Protein estimations were carried out, the amount of TP, AL, and GL and A/G ratios was evaluated and shown in Figure 8.

Figure 8. Total protein, albumin, globulin A/G ratio levels in different treatment groups.

All values were expressed as mean±SD; (n=6). Statistical analysis was done by one-way ANOVA followed by Dunnett’s t-test where TNG, TKG, SMG, and SRG groups were compared to ICG, while ICG and PNG were compared to NCG and the values were found to be statistically highly significant at ^ap<0.001, statistically very significant at ^bp<0.01 and statistically significant at ^cp<0.05. Where TNG is Test Nanoparticle Group, TKG is Test Khamira Group, SMG is Standard Metoprolol Group, SRG is Standard Ramipril group, ICG is Isoprenaline Control Group, PNG is Per se Nanoparticle Group and NCG is Normal Control Group, TP is Total Protein. Units of TP, Albumin, Globulin were gm/dl, while A/G ratio was a numeric value.

Lysosomal hydrolases

Lysosomal hydrolase enzymes perform a significant part in the inflammatory process. Isoprenaline-induced MI results in improved lysosomal hydrolase action that may be accountable for infarcted heart and tissue damage. It is postulated that stabilization of myocardial cells or tissue membranes, predominantly lysosomal membranes, may extend the life of ischemic cardiac muscle and help in preventing MI.

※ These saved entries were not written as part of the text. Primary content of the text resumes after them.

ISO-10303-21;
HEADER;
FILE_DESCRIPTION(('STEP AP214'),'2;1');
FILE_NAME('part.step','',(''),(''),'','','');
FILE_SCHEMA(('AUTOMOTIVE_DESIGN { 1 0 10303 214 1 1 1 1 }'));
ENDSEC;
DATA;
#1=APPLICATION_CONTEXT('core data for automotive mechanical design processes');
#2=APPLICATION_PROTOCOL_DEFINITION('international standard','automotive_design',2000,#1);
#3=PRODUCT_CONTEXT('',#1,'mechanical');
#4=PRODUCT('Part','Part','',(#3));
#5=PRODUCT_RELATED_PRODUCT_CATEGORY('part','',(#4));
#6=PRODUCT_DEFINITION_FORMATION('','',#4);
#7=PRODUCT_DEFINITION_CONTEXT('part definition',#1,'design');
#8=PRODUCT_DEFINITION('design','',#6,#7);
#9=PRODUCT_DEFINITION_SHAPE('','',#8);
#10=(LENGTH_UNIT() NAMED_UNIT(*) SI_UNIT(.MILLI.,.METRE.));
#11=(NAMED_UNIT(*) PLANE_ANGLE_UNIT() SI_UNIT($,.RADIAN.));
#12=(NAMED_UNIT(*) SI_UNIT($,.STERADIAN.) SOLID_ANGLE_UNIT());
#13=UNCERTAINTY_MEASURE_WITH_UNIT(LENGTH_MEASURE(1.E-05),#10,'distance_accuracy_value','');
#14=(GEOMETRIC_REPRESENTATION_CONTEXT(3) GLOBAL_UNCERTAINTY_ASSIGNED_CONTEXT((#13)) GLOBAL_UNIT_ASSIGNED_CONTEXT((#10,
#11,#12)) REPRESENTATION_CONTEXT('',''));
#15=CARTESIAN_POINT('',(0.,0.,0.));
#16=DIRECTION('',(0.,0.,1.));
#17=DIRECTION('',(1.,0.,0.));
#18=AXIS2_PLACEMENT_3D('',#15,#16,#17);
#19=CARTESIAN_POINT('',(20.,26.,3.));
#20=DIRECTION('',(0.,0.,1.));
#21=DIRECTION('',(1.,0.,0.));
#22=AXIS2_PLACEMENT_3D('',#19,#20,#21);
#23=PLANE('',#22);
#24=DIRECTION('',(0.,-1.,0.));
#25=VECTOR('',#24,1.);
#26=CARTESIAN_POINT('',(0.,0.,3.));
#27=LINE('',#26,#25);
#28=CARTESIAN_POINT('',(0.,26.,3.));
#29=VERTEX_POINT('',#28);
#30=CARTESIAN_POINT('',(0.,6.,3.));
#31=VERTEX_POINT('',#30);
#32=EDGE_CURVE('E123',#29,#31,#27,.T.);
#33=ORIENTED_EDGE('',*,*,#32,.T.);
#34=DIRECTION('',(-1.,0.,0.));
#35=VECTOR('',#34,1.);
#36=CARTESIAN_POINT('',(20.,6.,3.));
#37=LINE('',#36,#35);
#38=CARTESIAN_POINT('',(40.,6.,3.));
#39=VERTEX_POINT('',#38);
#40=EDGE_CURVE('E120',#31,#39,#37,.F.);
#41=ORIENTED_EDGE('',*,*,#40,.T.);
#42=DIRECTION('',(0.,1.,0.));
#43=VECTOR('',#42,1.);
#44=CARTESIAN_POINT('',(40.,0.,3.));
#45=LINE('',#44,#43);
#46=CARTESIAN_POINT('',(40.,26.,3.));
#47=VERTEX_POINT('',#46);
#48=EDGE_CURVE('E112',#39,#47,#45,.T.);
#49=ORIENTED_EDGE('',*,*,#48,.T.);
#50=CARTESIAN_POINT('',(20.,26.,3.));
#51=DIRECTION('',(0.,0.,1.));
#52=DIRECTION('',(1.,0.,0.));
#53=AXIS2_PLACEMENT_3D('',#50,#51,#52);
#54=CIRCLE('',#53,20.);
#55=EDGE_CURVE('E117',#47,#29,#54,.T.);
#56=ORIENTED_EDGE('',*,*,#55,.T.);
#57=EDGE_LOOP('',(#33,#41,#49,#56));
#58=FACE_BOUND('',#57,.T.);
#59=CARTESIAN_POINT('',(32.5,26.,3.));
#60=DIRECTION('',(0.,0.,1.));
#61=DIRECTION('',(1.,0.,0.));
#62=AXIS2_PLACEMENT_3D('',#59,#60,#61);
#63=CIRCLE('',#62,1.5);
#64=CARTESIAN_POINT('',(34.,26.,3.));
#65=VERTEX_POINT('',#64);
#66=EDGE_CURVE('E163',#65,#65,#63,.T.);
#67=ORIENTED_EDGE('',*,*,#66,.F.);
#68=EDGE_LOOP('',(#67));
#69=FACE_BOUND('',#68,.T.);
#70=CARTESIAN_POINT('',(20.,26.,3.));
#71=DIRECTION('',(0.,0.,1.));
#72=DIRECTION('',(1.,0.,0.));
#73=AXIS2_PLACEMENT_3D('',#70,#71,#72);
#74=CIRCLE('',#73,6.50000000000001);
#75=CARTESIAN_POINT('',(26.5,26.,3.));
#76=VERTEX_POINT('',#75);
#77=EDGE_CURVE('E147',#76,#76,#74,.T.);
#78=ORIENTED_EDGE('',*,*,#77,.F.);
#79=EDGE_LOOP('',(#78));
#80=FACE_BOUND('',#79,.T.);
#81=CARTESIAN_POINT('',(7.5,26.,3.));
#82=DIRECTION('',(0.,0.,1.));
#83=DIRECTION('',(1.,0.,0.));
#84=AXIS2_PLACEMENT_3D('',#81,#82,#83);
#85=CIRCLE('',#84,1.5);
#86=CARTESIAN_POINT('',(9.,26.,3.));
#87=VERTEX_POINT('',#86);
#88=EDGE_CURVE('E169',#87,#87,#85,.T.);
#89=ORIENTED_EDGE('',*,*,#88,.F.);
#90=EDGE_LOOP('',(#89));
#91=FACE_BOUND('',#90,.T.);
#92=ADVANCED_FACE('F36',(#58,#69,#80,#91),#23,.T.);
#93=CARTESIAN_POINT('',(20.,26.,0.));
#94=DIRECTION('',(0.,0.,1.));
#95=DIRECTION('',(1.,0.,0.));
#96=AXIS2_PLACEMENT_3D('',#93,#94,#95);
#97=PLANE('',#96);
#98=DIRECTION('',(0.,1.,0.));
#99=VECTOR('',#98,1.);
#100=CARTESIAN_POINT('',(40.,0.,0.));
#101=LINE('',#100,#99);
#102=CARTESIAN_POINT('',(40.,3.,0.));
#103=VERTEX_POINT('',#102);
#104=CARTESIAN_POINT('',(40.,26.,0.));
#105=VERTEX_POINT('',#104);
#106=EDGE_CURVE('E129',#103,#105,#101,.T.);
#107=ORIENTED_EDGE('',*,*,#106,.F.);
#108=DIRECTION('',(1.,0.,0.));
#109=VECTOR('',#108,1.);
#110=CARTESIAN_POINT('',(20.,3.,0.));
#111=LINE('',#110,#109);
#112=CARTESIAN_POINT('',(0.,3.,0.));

The lysosomal hydrolases enzymes (α–Galactosidase, β–Galactosidase, β–Glucosidase, Cathepsin-B, Cathepsin-D) were estimated, and results were expressed in Figure 9.

Figure 9. Lysosomal hydrolase levels (Heart) of various treatment groups.

All values were expressed as mean±SD; (n=6). Statistical analysis was done by one-way ANOVA followed by Dunnett’s t-test where TNG, TKG, SMG, and SRG groups were compared to ICG, while ICG and PNG were compared to NCG and the values were found to be statistically highly significant at ^ap<0.001, statistically very significant at ^bp<0.01 and statistically significant at ^cp<0.05. Where TNG is Test Nanoparticle Group, TKG is Test Khamira Group, SMG is Standard Metoprolol Group, SRG is Standard Ramipril group, ICG is Isoprenaline Control Group, PNG is Per se Nanoparticle Group and NCG is Normal Control Group.

Heart mitochondrial enzymes

Numerous types of metabolic enzymes is present in mitochondria, such as Isocitrate dehydrogenase (IDH), α-Ketoglutarate dehydrogenase (KDH), Malate dehydrogenase (MDH), and Succinate dehydrogenase (SDH) which were quantified in the various treated heart groups, and levels of enzymes were expressed in Figure 10.

Figure 10. Mitochondrial enzyme levels (heart) of different treatment groups.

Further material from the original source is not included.